Daniel Sagers unaufgeregter Dokumentarfilm begleitet zwei Redakteure der Süddeutschen Zeitung bei ihren investigativen Recherchen und fokussiert unerwartete journalistische Tugenden.

Zurückhaltend und geduldig ausharrend – das sind nicht Verhaltensweisen, die man mit Journalisten, zumal investigativen, assoziieren würde. Das ist auch keineswegs das Auftreten, das man aus filmischen Darstellungen von verwegenen Journalisten kennt, die für ihren Beruf „brennen“ und entsprechend rastlos dem nächsten Scoop bis zur Selbstzerstörung hinterherjagen. In Daniel Sagers Dokumentarfilm „Hinter den Schlagzeilen“ aber, der zwei Investigativjournalisten der Süddeutschen Zeitung bei ihren Recherchen über die Schultern schaut, stellen sich Behutsamkeit und Geduld als unschätzbare journalistische Tugenden dar.

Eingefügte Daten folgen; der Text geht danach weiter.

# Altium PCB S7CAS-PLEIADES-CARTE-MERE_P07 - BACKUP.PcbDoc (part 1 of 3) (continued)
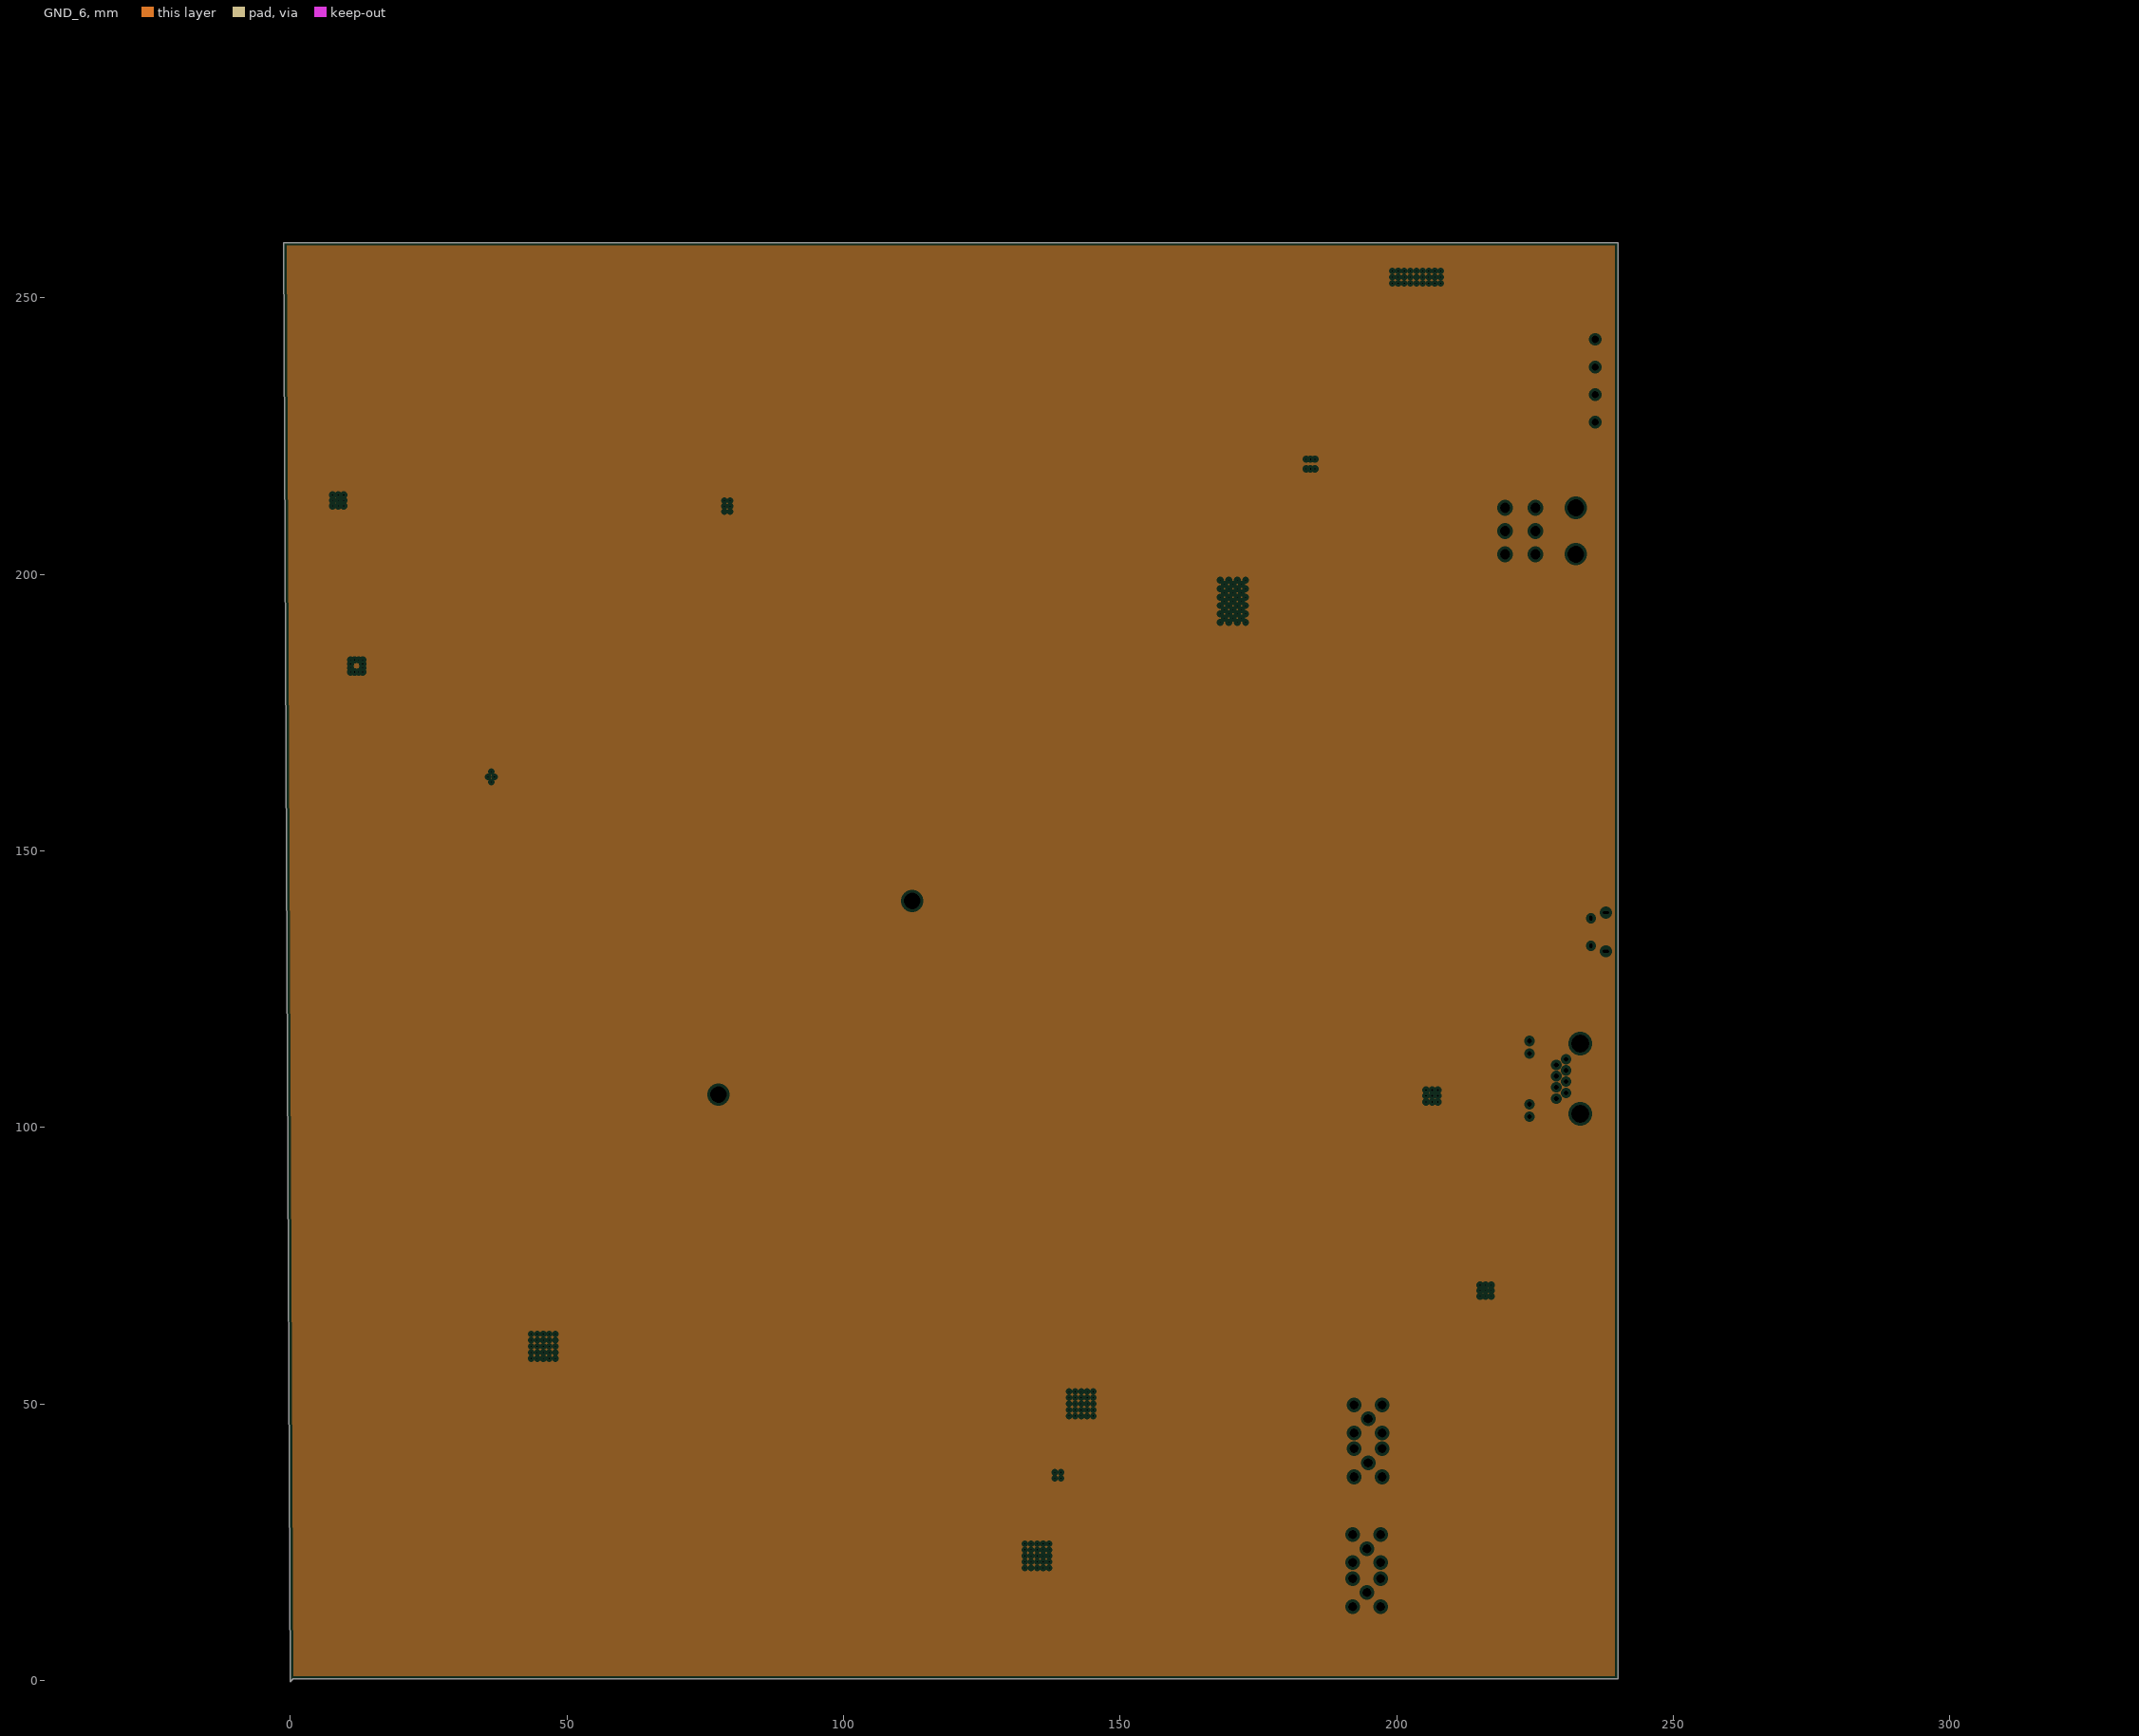
[diagram p11: GND_6, clearances drawn from the general rule]

## Layer stack, top to bottom
Top Solder: solder mask 0.0102, Solder Resist, Dk 3.5
Top: signal copper 0.07
Dielectric 1: prepreg 0.0762, FR-4, Dk 4.3
GND_1: plane copper 0.018
Dielectric 2: core 0.1016, FR-4, Dk 4.3
SIG_1: signal copper 0.018
Dielectric 3: prepreg 0.1016, FR-4, Dk 4.3
GND_2: plane copper 0.018
Dielectric 4: core 0.0762, FR-4, Dk 4.3
PWR_1: plane copper 0.018
Dielectric 5: prepreg 0.0762, FR-4, Dk 4.3
GND_3: plane copper 0.018
Dielectric 6: core 0.0762, FR-4, Dk 4.3
PWR_2: plane copper 0.018
Dielectric 7: prepreg 0.381, FR-4, Dk 4.3
PWR_3: plane copper 0.018
Dielectric 8: core 0.0762, FR-4, Dk 4.3
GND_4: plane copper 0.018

Die beiden Journalisten, deren Arbeit „Hinter den Schlagzeilen“ vom Frühjahr 2018 an ein Jahr lang begleitet hat, sind keine Unbekannten: Bastian Obermayer und Frederick Obermaier sind beide seit Jahren im Investigativ-Ressort der Süddeutschen Zeitung tätig und waren 2016 mit anderen Kollegen und dem Internationalen Netzwerk investigativer Journalisten maßgeblich an der Enthüllung der „Panama Papers“ beteiligt. Eine einjährige Auswertungs- und Vorbereitungszeit ging dieser großen Enthüllung voraus, für die ihnen der amerikanische Whistleblower Edward Snowden zu Beginn des Dokumentarfilms bei einem Interviewtreffen in Moskau seine Bewunderung ausspricht. Anschließend setzt er zu einer düsteren Gegenwartsanalyse an, in der er Journalisten an vorderster Front im Kampf um den Erhalt der freiheitlich-demokratischen Gesellschaften sieht.

Sackgassen, Frustration und Ungewissheiten

Snowdens mahnende Worte mögen im ersten Part von „Hinter den Schlagzeilen“ noch nachhallen, ihr Pathos wird aber von der kühnen Sachlichkeit von Obermayer und Obermaier abgemildert. Beide nehmen ihre Arbeit sehr ernst, ohne im Verlauf dieses Films jemals in Selbstgefälligkeit abzudriften. In kühlgefärbten, tiefenscharfen Bildern fängt das Kamerateam sie bei ihren Recherchen ein, zeigt sie an Flughäfen, in Hotelzimmern und während der Zusammenarbeit mit Kollegen im Redaktionsgebäude der Süddeutschen Zeitung.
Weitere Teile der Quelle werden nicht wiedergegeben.